Les clichés nationaux face à la globalisation
par Matthieu ECOIFFIER
QUOTIDIEN : lundi 07 novembre 2005
Ah, les stéréotypes sur le dos des pays voisins ! Ils s'installent dans les esprits, collent aux
mains comme un morceau de ruban adhésif. Le Français est ainsi méfiant, l'Allemand bien sûr
pinailleur, l'Espagnol toujours en retard, et l'Anglais tellement fair-play. «Au XIXe siècle, des
fantasmes se sont développés sur les habitants limitrophes. Des stéréotypes qui empêchent
parfois une bonne connaissance des autres», explique doctement Antonio Francica, président
du Centre de langue et culture italiennes à Paris.
Il y a huit ans, les instituts et centres culturels de l'Union européenne s'étaient regroupés pour
promouvoir le plurilinguisme. Et, au passage, tenter de dépasser certains stéréotypes. D'où ce
colloque, organisé vendredi à l'Institut hongrois (1), sur le thème : «Stéréotypes et prototypes
nationaux en Europe». Un intitulé courageux quelques mois après le «non» massif à la
Constitution, et les réticences face à l'entrée éventuelle de la Turquie. «Des chercheurs turcs
avaient trouvé le financement pour exposer : "Pourquoi la Turquie est un pays européen ?"
Quand ils ont dû se recentrer sur les "stéréotypes turcs", on leur a supprimé l'argent», raconte
même un organisateur.
Marketing. De fait, en dépit de toutes les bonnes volontés, certains clichés nationaux
paraissent indéracinables, comme un train italien jamais à l'heure. «Les stéréotypes évoluent
plus lentement qu'on ne voudrait le croire. Les Anglais et les Suédois ont beau avoir des
stratégies de marketing pour changer leur image nationale, cela ne marche pas à tous les
coups», a expliqué Christophe Campos, ex-directeur de l'Institut britannique de Paris.
Exemple : l'arrogance prototypale des Français demeure inchangée depuis les années 50 et
avec Astérix. A l'époque d'ailleurs, les auteurs de la bande dessinée (Goscinny et Uderzo) ont
préféré, au mythe fondateur royaliste de Clovis, celui plus républicain, des Gaulois résistants
contre l'envahisseur romain. «Les tribus voisines les appellent pour résoudre leurs problèmes,
les Gaulois inventent le thé en Grande-Bretagne, la cordée en Suisse, la cape rouge du
matador en Espagne.

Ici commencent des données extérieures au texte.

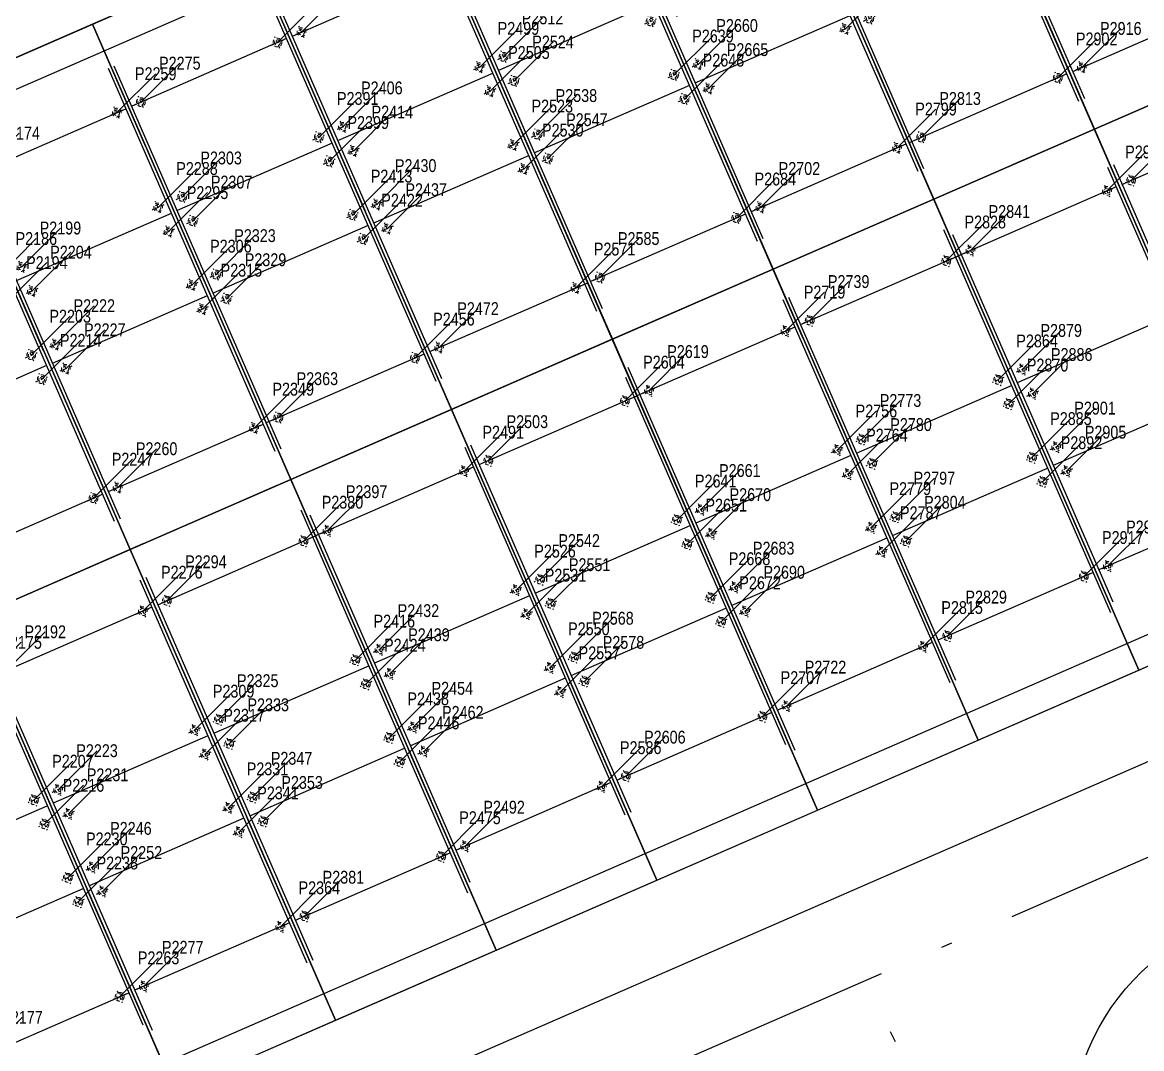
# Model space of a CAD drawing. Header units: millimetres. Extents: x 0 to 571985, y 0 to 2066666.
# Drawn here: x 568703.51 to 568741.81, y 2064811.47 to 2064846.59 of the extents above; entities that cross this region are included whole.
import ezdxf
from ezdxf.enums import TextEntityAlignment as Align
from ezdxf.xclip import XClip

# ---------------------------------------------------------------- set-up
doc = ezdxf.new("R2010")
doc.units = ezdxf.units.MM
for name, pattern in [('ACAD_ISO10W100', [18.5, 12, -3, 0.5, -3]), ('CENTER', [3, 1.5, -0.5, 0.5, -0.5]), ('CENTER2', [1.125, 0.75, -0.125, 0.125, -0.125]), ('HIDDEN', [0.75, 0.5, -0.25]), ('Xref Grid (A1)$0$CENTER2', [1.125, 0.75, -0.125, 0.125, -0.125]), ('Xref Grid A16$0$CENTER2', [1.125, 0.75, -0.125, 0.125, -0.125])]:
    doc.linetypes.add(name, pattern=pattern)
for name, color, linetype, lineweight in [('A-DIM', 251, 'Continuous', 15), ('A-NET THAY', 125, 'Continuous', 18), ('boDnv', 54, 'Continuous', 25), ('E- RANH GIOI', 1, 'CENTER', 13), ('kata_text', 254, 'Continuous', 30)]:
    doc.layers.add(name, color=color, linetype=linetype, lineweight=lineweight)
for name, color, linetype in [('BoThamCo', 94, 'Continuous'), ('CDC.01.AXIS', 160, 'CENTER2'), ('ChiaLo', 128, 'CENTER'), ('datOlienke', 42, 'Continuous'), ('LogDg', 7, 'Continuous'), ('LoLK', 6, 'Continuous'), ('RANHGIOI', 2, 'HIDDEN'), ('TimDg', 222, 'Continuous'), ('ViaHeS', 32, 'Continuous'), ('Xref Grid (A1)$0$01.AXIS', 160, 'Xref Grid (A1)$0$CENTER2'), ('Xref Grid A16$0$01.AXIS', 160, 'Xref Grid A16$0$CENTER2')]:
    doc.layers.add(name, color=color, linetype=linetype)
doc.styles.add('kata_dim', font='vnrms.shx', dxfattribs={"width": 0.66, "oblique": 7})
doc.styles.add('kata_text', font='arial.ttf', dxfattribs={"width": 0.8})
doc.styles.add('rms', font='romans.shx', dxfattribs={"width": 0.7, "bigfont": 'vns.shx'})
doc.linetypes.add('ADL', pattern='A,0.125,-0.15,["++",rms,S=0.5,R=0,X=0,Y=-0.2245],-1.35,1.125', length=2.75)
doc.dimstyles.new('kata_dim_iso', dxfattribs={"dimtxt": 2.5, "dimasz": 1.5, "dimexe": 1.5, "dimexo": 2.5, "dimtad": 1, "dimdec": 0, "dimzin": 0, "dimdsep": 46, "dimtxsty": 'kata_dim', "dimblk": 'kata_block_ArchTick', "dimcen": 0.09, "dimdle": 1.2, "dimclrd": 8, "dimclre": 8, "dimclrt": 3, "dimadec": 0, "dimazin": 0, "dimtfac": 1, "dimtdec": 0, "dimtix": 1, "dimtofl": 0, "dimtmove": 0, "dimatfit": 3, "dimfxl": 3.75, "dimfxlon": 1, "dimtolj": 1, "dimtzin": 0, "dimarcsym": 0})

# ---------------------------------------------------------------- blocks, each defined once
blk = doc.blocks.new('NEN')
at = {"layer": 'boDnv', "color": 10, "linetype": 'ADL', "ltscale": 0.25}
for points in [[(116.663, 150.753), (122.733, 148.551), (135.807, 122.411), (133.753, 116.749), (-8.129, 54.905), (-13.649, 57.26), (-23.763, 84.693), (-21.221, 90.652)], [(156.672, 80.693), (146.026, 101.979), (139.956, 104.181), (-3.204, 41.78), (-5.746, 35.822), (2.49, 13.482), (8.01, 11.127), (154.618, 75.032)]]:
    blk.add_lwpolyline(points, close=True, dxfattribs=at)
at = {"layer": 'BoThamCo'}
blk.add_lwpolyline([(274.126, -178.484, 1), (272.368, -175.457), (138.589, -253.186, -0.013452), (91.443, -278.907, 0.999991), (93.036, -282.024, 0.013452), (140.347, -256.212)], format="xyb", close=True, dxfattribs=at)
at = {"layer": 'ChiaLo', "ltscale": 5}
for p, q in [((136.715, 66.137), (122.897, 97.836)), ((131.214, 63.74), (117.397, 95.439)), ((125.714, 61.342), (111.897, 93.041)), ((120.214, 58.945), (106.397, 90.644)), ((114.714, 56.547), (100.897, 88.247)), ((109.214, 54.15), (95.396, 85.849)), ((103.713, 51.752), (89.896, 83.452)), ((98.213, 49.355), (84.396, 81.054))]:
    blk.add_line(p, q, dxfattribs=at)
for points in [[(130.171, 135.915), (-19.638, 70.615)], [(87.961, 95.699), (71.978, 132.367)], [(82.461, 93.301), (66.478, 129.969)], [(76.961, 90.904), (60.978, 127.572)], [(71.461, 88.506), (55.478, 125.174)], [(65.961, 86.109), (49.978, 122.777)], [(60.46, 83.711), (44.477, 120.379)], [(54.96, 81.314), (38.977, 117.982)], [(49.46, 78.917), (33.477, 115.585)], [(43.96, 76.519), (27.977, 113.187)], [(152.12, 92.029), (-2.661, 24.563)]]:
    blk.add_lwpolyline(points, dxfattribs=at)
at = {"layer": 'datOlienke'}
for points in [[(116.629, 151.829), (123.449, 149.355), (136.893, 122.474), (134.546, 116.004), (-8.125, 53.816), (-14.438, 56.509), (-24.839, 84.72), (-21.985, 91.41)], [(157.758, 80.756), (146.742, 102.783), (139.922, 105.257), (-3.967, 42.538), (-6.821, 35.849), (1.701, 12.732), (8.014, 10.038), (155.411, 74.287)]]:
    blk.add_lwpolyline(points, close=True, dxfattribs=at)
at = {"layer": 'LogDg'}
for points in [[(34.296, -348.766, -0.124666), (14.114, -339.771, 0.262937), (-5.331, -336.771, -0.009345), (-40.959, -349.473), (-145.868, -384.68, 0.405257), (-155.456, -403.235), (-146.557, -432.72), (-158.046, -436.187), (-166.572, -407.936, 0.423227), (-185.704, -398.049), (-272.077, -427.035, 0.40652), (-277.181, -436.964), (-262.947, -483.397), (-271.552, -486.035), (-285.593, -440.232, 0.421949), (-295.787, -434.992), (-422.26, -477.436, 0.346831), (-427.684, -485.726), (-426.662, -497.249, 0.109851), (-417.21, -527.045), (-422.398, -530.058, -0.109851), (-432.639, -497.779), (-433.194, -491.512, 0.484967), (-443.708, -484.634), (-484.199, -498.222, 0.36701), (-492.228, -511.51), (-484.402, -560.012), (-490.326, -560.967), (-497.433, -516.92, 0.457512), (-512.889, -507.388), (-525.337, -511.314, 0.375227), (-533.554, -524.795, 0.049445), (-523.248, -562.118), (-518.404, -576.577), (-525.515, -578.96), (-530.307, -564.659, -0.044276), (-540.221, -530.036, 0.448349), (-555.614, -520.863), (-568.853, -525.038), (-576.072, -502.149), (-552.391, -494.681, 0.333336), (-544.003, -482.976), (-545.865, -397.305, 0.120559), (-569.998, -307.198), (-621.979, -219.712, 0.334943), (-635.359, -214.239), (-686.931, -227.855), (-689.803, -216.977), (-647.957, -205.93, 0.498191), (-640.704, -188.198), (-654.378, -165.183, -0.144979), (-668.853, -108.061), (-659.845, 118.23, 0.428088), (-671.924, 130.707), (-689.222, 130.58), (-689.305, 141.83), (-670.344, 141.969, 0.400474), (-658.442, 153.492), (-657.828, 168.904), (-656.06, 189.374), (-648.588, 188.728), (-650.341, 168.432), (-650.889, 154.678, 0.425345), (-638.921, 142.201), (-621.613, 142.328, 0.402651), (-609.707, 153.94), (-609.387, 163.859, -0.019867), (-608.227, 179.942), (-606.8, 192.652), (-600.838, 191.983), (-602.264, 179.273, 0.019867), (-603.39, 163.665), (-603.676, 154.802, 0.425871), (-591.594, 142.415), (-548.362, 142.733), (-548.28, 131.483), (-592.887, 131.155, 0.401789), (-604.791, 119.578), (-607.754, 35.571, -0.005984), (-607.983, 30.718, 0.462462), (-599.177, 22.287), (-555.377, 26.801), (-554.762, 20.832), (-603.242, 15.836, 0.355613), (-610.381, 8.689), (-613.794, -24.838, 0.475348), (-605.015, -33.606), (-508.268, -23.636, 0.016072), (-476.806, -19.368, 0.37392), (-470.138, -11.259), (-470.705, 9.348), (-464.707, 9.513), (-464.235, -7.648, 0.461916), (-454.747, -15.288), (-421.581, -8.993, 0.020567), (-382.015, 0.216), (-299.764, 22.963, 0.415004), (-292.798, 35.293), (-296.969, 50.218), (-285.412, 53.448), (-281.218, 38.439, 0.413423), (-268.921, 31.492), (-169.968, 58.858, 0.427702), (-164.496, 69.052), (-169.623, 84.754), (-163.92, 86.616), (-158.479, 69.956, 0.400853), (-148.742, 64.729), (-123.897, 71.6, 0.437327), (-113.795, 91.173), (-114.462, 93.013), (-128.551, 136.154), (-105.736, 143.605), (-91.769, 100.833), (-90.91, 98.466, 0.429754), (-70.957, 89.772, 0.001079), (-63.934, 92.766, 0.001474), (-62.342, 93.454), (-47.534, 99.909, 0.386536), (-43.126, 109.726), (-48.301, 125.574), (-42.598, 127.436), (-38.076, 113.59, 0.442444), (-27.275, 108.739), (111.617, 169.28, 0.414214), (115.754, 179.811), (109.361, 194.478), (114.861, 196.875), (121.255, 182.208, 0.414214), (131.785, 178.071), (252.97, 230.894), (276.872, 241.312), (291.579, 249.057, 0.419837), (295.267, 261.365), (290.95, 269.196), (301.459, 274.99), (306.058, 266.648, 0.408717), (318.136, 263.031), (326.546, 267.464), (332.148, 256.836), (324.233, 252.656, 0.419466), (320.555, 240.352), (397.092, 101.523, 0.433643), (408.413, 98.649), (440.787, 119.386), (444.023, 114.334), (410.428, 92.813, 0.395048), (407.737, 82.215), (451.056, 3.639, -0.005576), (472.219, -35.781, 0.422017), (490.066, -41.118), (502.995, -33.918), (514.672, -54.886), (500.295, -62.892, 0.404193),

Et la France s'approprie le rôle des Anglo-Saxons pendant l'Occupation,
manière de récupérer une position dominante dans la future Europe», a commenté Christophe
Campos.
Aujourd'hui, les Frenchies passent toujours aux yeux des Britanniques pour des «égoïstes» qui
siphonnent tout l'argent de l'Union pour financer la politique agricole commune. «En temps de
paix, les stéréotypes ne sont pas bien méchants, c'est une façon d'apprivoiser la différence
fantasmée de l'autre. Ils servent de "bêtes à penser" aurait dit Barthes : "Le renard est rusé",
"l'allemand est une langue difficile" réservée aux meilleurs élèves... Mais, dans des moments
de tension, ils peuvent devenir agressifs», a noté Campos.
Depuis peu, les stéréotypes prennent pourtant de nouvelles formes. Aux yeux de plusieurs
intervenants, la publicité est devenue l'un de leurs vecteurs. Et cela change la donne. Le spot
récent pour une radio, avec le slogan «Vivre ensemble» reste «typiquement français», selon
Stéfanie Brandt de l'université de Nice : dans ce spot, on y voit un jeune à capuche saluer un
religieux arborant le même couvre-chef, une fillette dans une poussette sourire à un jeune
handicapé en chaise roulante. Mais le stéréotype n'est plus tout à fait le même. «La publicité
actuelle en France veut saisir l'altérité et la dynamique interculturelle. Elle repose sur le désir
de distinction et d'identification. En acceptant les différences, on s'enrichit mutuellement.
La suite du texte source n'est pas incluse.